Inzelberg of the Technion joined the study team in 2003 and leads an interdisciplinary group of Arab and Jewish physicians, biostatisticians, nurses, social workers and research assistants in northern Israel who are collaborating with Friedland.
Similarly in 1994 Mayeux noticed, upon studying elderly residents of Washington Heights, a predominantly Hispanic neighborhood in Northern Manhattan, that Caribbean-Hispanics from the Dominican Republic have about three times the rate of Alzheimer disease compared to individuals of different ethnic backgrounds in the community. Mayeux decided to find out why this population has such a high incidence of Alzheimer’s. He and his Columbia team began visiting Dominican families living in both Washington Heights and the Dominican Republic to collect blood samples from entire families in order to look for similar gene variants in relatives diagnosed with Alzheimer’s.
Within a few years following the discovery of the APOE association with Alzheimer disease, several studies suggested that the effect of APOE is much weaker in African-Americans, an ethnic group with a rate of Alzheimer’s similar to that in Caucasians. This observation prompted Farrer in 1998 to add a focus on African-Americans to his large federally-funded multi-center genetic epidemiology study of Alzheimer’s disease (the MIRAGE Study).
“Historically, African-Americans have been poorly represented in medical research studies as compared to Caucasian Americans,” Farrer. Approximately 250 African-American MIRAGE Study families including at least one sibling diagnosed with Alzheimer’s and one cognitively normal sibling ascertained primarily at Morehouse School of Medicine in Atlanta and the University of Alabama in Birmingham were included in this study.

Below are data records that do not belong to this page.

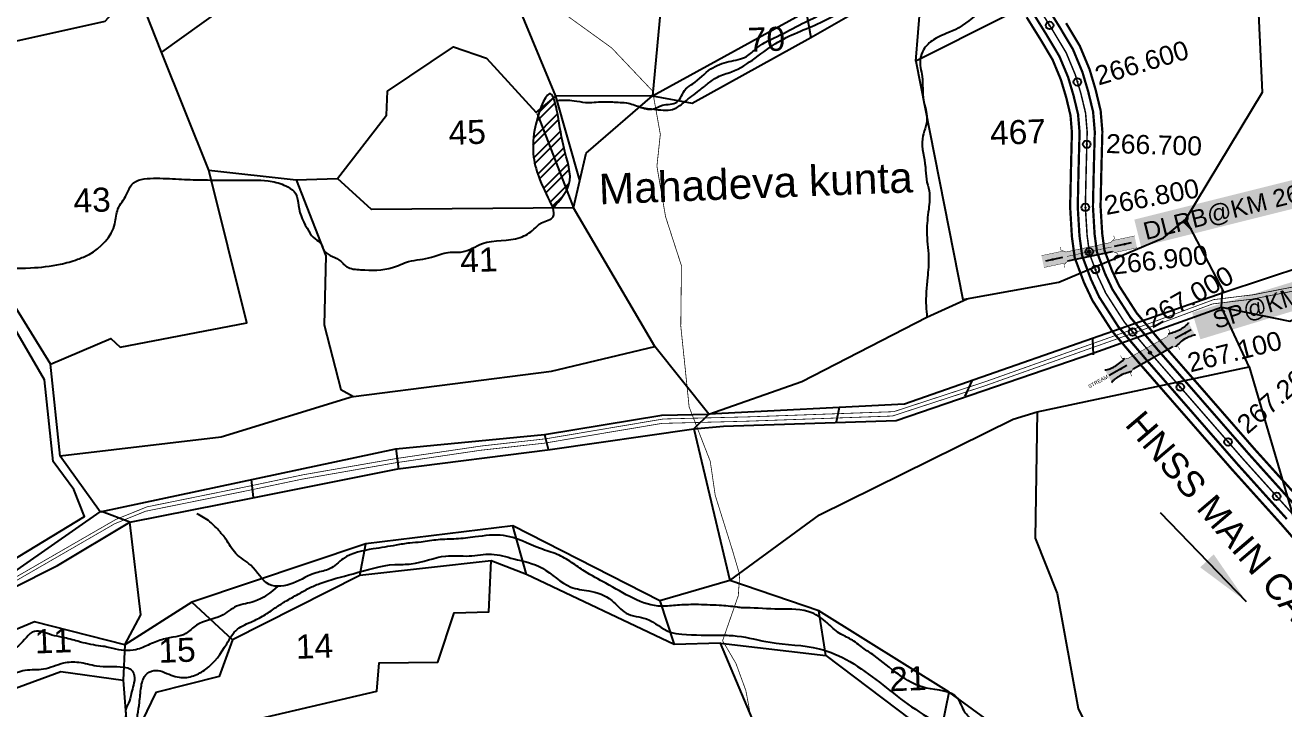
# Model space of a CAD drawing. Header units: feet. Extents: x 758300 to 768654, y 1597949 to 1607646.
# Drawn here: x 761026 to 762682, y 1601862 to 1602761 of the extents above; entities that cross this region are included whole.
import ezdxf
from ezdxf.enums import TextEntityAlignment as Align

# ---------------------------------------------------------------- set-up
doc = ezdxf.new("R2010")
doc.units = ezdxf.units.FT
doc.header["$LTSCALE"] = 15
doc.header["$MEASUREMENT"] = 0
doc.header["$PDMODE"] = 32
doc.header["$PDSIZE"] = 10
doc.linetypes.add('ACAD_ISO02W100', pattern=[15, 12, -3])
doc.linetypes.add('HIDDEN2', pattern=[0.1875, 0.125, -0.0625])
for name, color, linetype in [('CANAL1', 7, 'Continuous'), ('CSMark', 72, 'Continuous'), ('HILLS', 17, 'Continuous'), ('PLOT', 7, 'Continuous'), ('PLOT NO', 7, 'Continuous'), ('ROAD', 6, 'Continuous'), ('STRUCTURE', 5, 'Continuous'), ('TANKS AND STREAMS', 4, 'Continuous'), ('TEXT', 1, 'Continuous'), ('VILLAGE STONES', 240, 'Continuous')]:
    doc.layers.add(name, color=color, linetype=linetype)
doc.styles.get("Standard").update_dxf_attribs({"font": 'arial.ttf'})
doc.linetypes.add('DOTS', pattern='A,1e-06,-3,["●",Standard,S=3,R=0,X=-1.25,Y=-1.25],-3', length=6.000001)
doc.dimstyles.get("Standard").update_dxf_attribs({"dimtxt": 0.18, "dimasz": 40, "dimexe": 0.18, "dimexo": 0.0625, "dimgap": 0.09, "dimtad": 0, "dimtih": 1, "dimtoh": 1, "dimdec": 4, "dimzin": 0, "dimdsep": 46, "dimtxsty": 'Standard', "dimcen": 0.09, "dimadec": 0, "dimazin": 0, "dimtfac": 1, "dimtdec": 4, "dimtofl": 0, "dimtmove": 0, "dimatfit": 3, "dimfxl": 1, "dimtolj": 1, "dimtzin": 0, "dimarcsym": 0})

# ---------------------------------------------------------------- blocks, each defined once
blk = doc.blocks.new('DLB')
at = {"layer": 'STRUCTURE'}
h = blk.add_hatch(dxfattribs=at)
h.set_pattern_fill('DOTS', color=6, scale=20, angle=320.37224793, style=0)
h.paths.add_polyline_path([(769699.5, 1706950), (769699.5, 1706934), (769729.1, 1706934), (769732.1, 1706936), (769792.1, 1706936), (769795.1, 1706934), (769824.7, 1706934), (769824.7, 1706950), (769795.1, 1706950), (769792.1, 1706948), (769732.1, 1706948), (769729.1, 1706950)])
at = {"layer": 'STRUCTURE', "color": 6, "linetype": 'ACAD_ISO02W100', "ltscale": 0.5, "const_width": 0.5}
for points in [[(769699.5, 1706950), (769729.1, 1706950)], [(769795.1, 1706950), (769824.7, 1706950)], [(769699.5, 1706934), (769729.1, 1706934)], [(769795.1, 1706934), (769824.7, 1706934)]]:
    blk.add_lwpolyline(points, dxfattribs=at)
at = {"layer": 'STRUCTURE', "color": 6, "const_width": 0.628}
for points in [[(769726.1, 1706956), (769726.1, 1706952), (769732.1, 1706948), (769792.1, 1706948), (769798.1, 1706952), (769798.1, 1706956)], [(769726.1, 1706928), (769726.1, 1706932), (769732.1, 1706936), (769792.1, 1706936), (769798.1, 1706932), (769798.1, 1706928)], [(769732.1, 1706942), (769792.1, 1706942)]]:
    blk.add_lwpolyline(points, dxfattribs=at)
at = {"layer": 'STRUCTURE', "color": 6}
blk.add_lwpolyline([(769732.1, 1706936), (769792.1, 1706936)], dxfattribs=at)
blk.add_lwpolyline([(769732.1, 1706936), (769792.1, 1706936)], dxfattribs=at)
at = {"layer": 'STRUCTURE', "color": 0}
blk.add_circle((769762.1, 1706942), 1.8, dxfattribs=at)
for points in [[(769703.8, 1706942), (769726.7, 1706942)], [(769818.6, 1706942), (769795.7, 1706942)]]:
    blk.add_leader(points, dimstyle='Standard', override={"dimasz": 10, "dimgap": 0.09, "dimtad": 0}, dxfattribs=at)
blk = doc.blocks.new('SP')
at = {"layer": 'STRUCTURE'}
h = blk.add_hatch(dxfattribs=at)
h.set_pattern_fill('DASH', color=256, scale=8, style=0)
edge = h.paths.add_edge_path()
edge.add_spline(control_points=[(769825.7, 1706742.1), (769825.3, 1706741.8), (769823.8, 1706740.8), (769820.9, 1706740.3), (769817, 1706739.7), (769811.4, 1706738.9), (769804, 1706739.7), (769798.4, 1706741), (769795.6, 1706741.6)], knot_values=[0, 0, 0, 0, 1.613557, 5.24513, 8.624976, 13.470124, 22.190216, 30.746377, 30.746377, 30.746377, 30.746377], degree=3, periodic=0)
edge.add_line((769795.6, 1706741.6), (769792.6, 1706739.6))
edge.add_line((769792.6, 1706739.6), (769732.6, 1706739.6))
edge.add_line((769732.6, 1706739.6), (769729.6, 1706741.6))
edge.add_spline(control_points=[(769729.6, 1706741.6), (769726.9, 1706740.9), (769721.3, 1706739.5), (769713.9, 1706738.5), (769708.3, 1706739.1), (769704.4, 1706739.6), (769701.5, 1706740), (769700, 1706741), (769699.5, 1706741.3)], knot_values=[0, 0, 0, 0, 8.556161, 17.276253, 22.121402, 25.501247, 29.13282, 30.746377, 30.746377, 30.746377, 30.746377], degree=3, periodic=0)
edge.add_line((769699.5, 1706741.3), (769699.5, 1706722.1))
edge.add_spline(control_points=[(769699.5, 1706722.1), (769700, 1706722.4), (769701.4, 1706723.4), (769704.3, 1706724), (769708.2, 1706724.5), (769713.8, 1706725.3), (769721.2, 1706724.5), (769726.8, 1706723.3), (769729.6, 1706722.6)], knot_values=[0, 0, 0, 0, 1.613557, 5.24513, 8.624976, 13.470124, 22.190216, 30.746377, 30.746377, 30.746377, 30.746377], degree=3, periodic=0)
edge.add_line((769729.6, 1706722.6), (769732.6, 1706724.6))
edge.add_line((769732.6, 1706724.6), (769792.6, 1706724.6))
edge.add_line((769792.6, 1706724.6), (769795.6, 1706722.6))
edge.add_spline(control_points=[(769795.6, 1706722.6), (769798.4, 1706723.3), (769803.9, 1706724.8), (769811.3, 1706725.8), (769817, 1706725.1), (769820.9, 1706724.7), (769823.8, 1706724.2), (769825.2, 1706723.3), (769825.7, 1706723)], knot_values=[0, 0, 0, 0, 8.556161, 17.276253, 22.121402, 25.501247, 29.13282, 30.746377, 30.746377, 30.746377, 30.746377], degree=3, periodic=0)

The total study group was divided into two parts: one that was analyzed to help with the discovery of SORL1, and a second that was analyzed to confirm the role of the gene. The discovery sample included 350 families (representing a total of 1,800 people, half of whom were diagnosed with Alzheimer’s) from Columbia University Medical Center (Caribbean-Hispanics) and the University of Toronto (American and European Caucasians) and 500 Caucasian and African-American families (representing a total of 1,000 people) from the MIRAGE Study. The confirmation sample included the Israeli-Arab group, another group of unrelated Caucasian Alzheimer patients and controls from the University of Toronto, and a large series of mostly Caucasian Alzheimer patients and controls from the Mayo Clinic.
Interestingly, the same variant was found in both the Israeli-Arab and Caribbean-Hispanic groups, which indicates that generations ago these two groups may have been genetically or geographically linked.
Friedland reports that the work illustrates the value of diverse populations and international collaborations for understanding a complex disease such as Alzheimer’s. He also notes that the discovery of this new gene suggests new ways in which therapies can be developed, which is the ultimate goal of this work.
“Currently available therapies cannot arrest the progress of the disease,” Friedland notes. “Understanding how the forms of the SORL1 gene associated with increase risk alter protein handling will suggest novel pharmacological or lifestyle modifications to slow progression.”